The records:
************

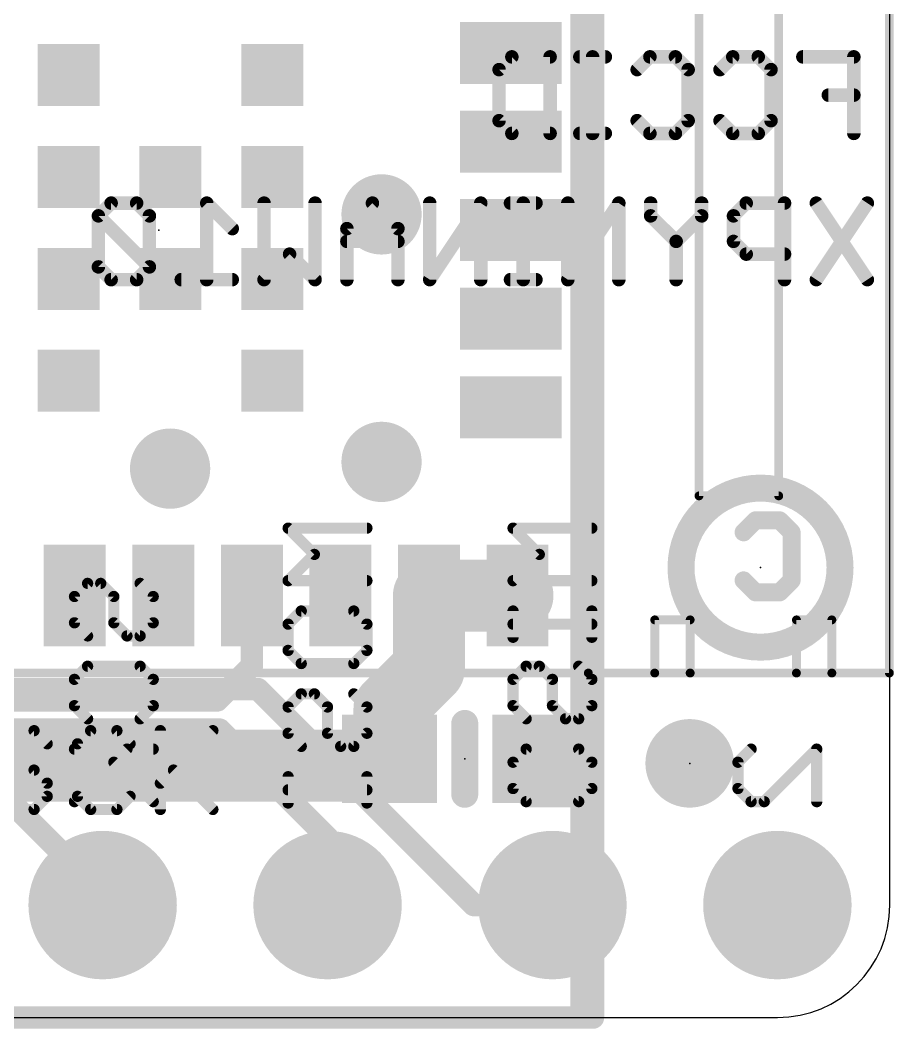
# Model space of a CAD drawing. Extents: x -0.1 to 35.6, y -0.1 to 17.9.
# Drawn here: x 25.74 to 35.6, y -0.13 to 11.26 of the extents above; entities that cross this region are included whole.
import ezdxf

# ---------------------------------------------------------------- set-up
doc = ezdxf.new("R2010")
doc.units = 0
for name, color, linetype in [('1', 12, 'CONTINUOUS'), ('16', 5, 'CONTINUOUS'), ('17', 110, 'CONTINUOUS'), ('18', 110, 'CONTINUOUS'), ('20', 4, 'CONTINUOUS'), ('21', 40, 'CONTINUOUS'), ('22', 6, 'CONTINUOUS'), ('23', 40, 'CONTINUOUS'), ('24', 6, 'CONTINUOUS')]:
    doc.layers.add(name, color=color, linetype=linetype)

# ---------------------------------------------------------------- blocks, each defined once
blk = doc.blocks.new('RECT')
blk.add_solid([(-0.5, -0.5), (0.5, -0.5), (-0.5, 0.5), (0.5, 0.5)])
blk = doc.blocks.new('ROUNDP')
at = {"const_width": 0.5}
blk.add_lwpolyline([(0, -0.25, 1), (0, 0.25, 1), (0, -0.25)], format="xyb", dxfattribs=at)
blk = doc.blocks.new('PIE')
at = {"const_width": 0.5}
blk.add_lwpolyline([(0, -0.25, 1), (0, 0.25, 1), (0, -0.25)], format="xyb", dxfattribs=at)
blk = doc.blocks.new('ROUNDV')
at = {"const_width": 0.5}
blk.add_lwpolyline([(0, -0.25, 1), (0, 0.25, 1), (0, -0.25)], format="xyb", dxfattribs=at)

msp = doc.modelspace()

# ---------------------------------------------------------------- linework, layer by layer
at = {"layer": '1'}
for points, const_width in [([(32.2072, 17.78), (32.2072, 0)], 0.254), ([(30.355, 3.939), (30.355, 4.765)], 0.8128), ([(30.355, 4.765), (31.355, 4.765)], 0.8128), ([(28.355, 4.765), (28.355, 3.971)], 0.254), ([(29.9094, 3.4934), (30.355, 3.939)], 0.8128), ([(28.355, 3.971), (27.9654, 3.5814)], 0.254), ([(29.9094, 2.921), (29.9094, 3.4934)], 0.8128), ([(27.9654, 3.5814), (16.9418, 3.5814)], 0.254), ([(29.9094, 2.921), (29.9094, 2.8584)], 0.8128), ([(29.8958, 2.8448), (10.3784, 2.8448)], 0.8128), ([(29.9094, 2.8584), (29.8958, 2.8448)], 0.8128), ([(32.2072, 0), (0, 0)], 0.254)]:
    msp.add_lwpolyline(points, dxfattribs=dict(at, const_width=const_width))
for points, const_width in [([(30.5582, 4.765, 1), (30.1518, 4.765)], 0.4064), ([(30.355, 4.9682, 1), (30.355, 4.5618)], 0.4064), ([(31.355, 4.5618, 1), (31.355, 4.9682)], 0.4064), ([(28.4185, 4.765, 1), (28.2915, 4.765)], 0.127), ([(30.4987, 3.7953, 1), (30.2113, 4.0827)], 0.4064), ([(30.1518, 3.939, 1), (30.5582, 3.939)], 0.4064), ([(28.2915, 3.971, 1), (28.4185, 3.971)], 0.127), ([(28.3999, 3.9261, 1), (28.3101, 4.0159)], 0.127), ([(30.1126, 3.4934, 1), (29.7062, 3.4934)], 0.4064), ([(29.7657, 3.6371, 1), (30.0531, 3.3497)], 0.4064), ([(27.9205, 3.6263, 1), (28.0103, 3.5365)], 0.127), ([(27.9654, 3.5179, 1), (27.9654, 3.6449)], 0.127), ([(30.1126, 2.921, 1), (29.7062, 2.921)], 0.4064), ([(29.7521, 2.9885, 1), (30.0395, 2.7011)], 0.4064), ([(30.0531, 2.7147, 1), (29.7657, 3.0021)], 0.4064), ([(29.8958, 2.6416, 1), (29.8958, 3.048)], 0.4064), ([(29.7062, 2.921, 1), (30.1126, 2.921)], 0.4064), ([(29.7062, 2.8584, 1), (30.1126, 2.8584)], 0.4064), ([(32.2072, -0.0635, 1), (32.2072, 0.0635)], 0.127), ([(32.1437, 0, 1), (32.2707, 0)], 0.127)]:
    msp.add_lwpolyline(points, format="xyb", dxfattribs=dict(at, const_width=const_width))
at = {"layer": '16', "const_width": 0.254}
for points in [[(32.0802, 17.78), (32.0802, 0)], [(28.424, 3.7084), (22.987, 3.7084)], [(30.8624, 1.27), (28.424, 3.7084)], [(22.3012, 3.2512), (27.9908, 3.2512)], [(27.9908, 3.2512), (29.21, 2.032)], [(25.4, 2.667), (26.67, 1.397)], [(29.21, 2.032), (29.21, 1.27)], [(26.67, 1.397), (26.67, 1.27)], [(31.75, 1.27), (30.8624, 1.27)], [(32.0802, 0), (0, 0)]]:
    msp.add_lwpolyline(points, dxfattribs=at)
at = {"layer": '16', "const_width": 0.127}
for points in [[(28.4689, 3.7533, 1), (28.3791, 3.6635)], [(28.424, 3.6449, 1), (28.424, 3.7719)], [(28.0357, 3.2961, 1), (27.9459, 3.2063)], [(27.9908, 3.1877, 1), (27.9908, 3.3147)], [(29.2735, 2.032, 1), (29.1465, 2.032)], [(29.1651, 1.9871, 1), (29.2549, 2.0769)], [(26.7335, 1.397, 1), (26.6065, 1.397)], [(26.6251, 1.3521, 1), (26.7149, 1.4419)], [(30.8624, 1.3335, 1), (30.8624, 1.2065)], [(30.8175, 1.2251, 1), (30.9073, 1.3149)], [(31.75, 1.2065, 1), (31.75, 1.3335)], [(26.6065, 1.27, 1), (26.7335, 1.27)], [(29.1465, 1.27, 1), (29.2735, 1.27)], [(32.0802, -0.0635, 1), (32.0802, 0.0635)], [(32.0167, 0, 1), (32.1437, 0)]]:
    msp.add_lwpolyline(points, format="xyb", dxfattribs=at)
at = {"layer": '20'}
for p, q in [((35.56, 1.27), (35.56, 16.51)), ((1.27, 0), (34.29, 0))]:
    msp.add_line(p, q, dxfattribs=at)
msp.add_arc((34.29, 1.27), 1.27, 270, 0, dxfattribs=at)
at = {"layer": '21'}
for points, const_width in [([(32.155, 13.89), (32.155, 3.89)], 0.1), ([(33.405, 5.89), (33.405, 13.89)], 0.1), ([(34.305, 13.89), (34.305, 5.89)], 0.1), ([(35.555, 13.89), (35.555, 3.89)], 0.1), ([(34.305, 5.89), (33.405, 5.89)], 0.1), ([(33.305, 4.49), (32.905, 4.49)], 0.1), ([(32.905, 4.49), (32.905, 3.89)], 0.1), ([(33.305, 3.89), (33.305, 4.49)], 0.1), ([(34.905, 4.49), (34.505, 4.49)], 0.1), ([(34.505, 4.49), (34.505, 3.89)], 0.1), ([(34.905, 3.89), (34.905, 4.49)], 0.1), ([(32.155, 3.89), (21.555, 3.89)], 0.1), ([(32.905, 3.89), (32.155, 3.89)], 0.1), ([(33.305, 3.89), (32.905, 3.89)], 0.1), ([(34.505, 3.89), (33.305, 3.89)], 0.1), ([(34.905, 3.89), (34.505, 3.89)], 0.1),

************

Brief:
Begin at the first line of the entries and end at the line containing "doc.units = 0": write out each line exactly, skipping pictures.

Task response:
# Model space of a CAD drawing. Extents: x -0.1 to 35.6, y -0.1 to 17.9.
# Drawn here: x 25.74 to 35.6, y -0.13 to 11.26 of the extents above; entities that cross this region are included whole.
import ezdxf

# ---------------------------------------------------------------- set-up
doc = ezdxf.new("R2010")
doc.units = 0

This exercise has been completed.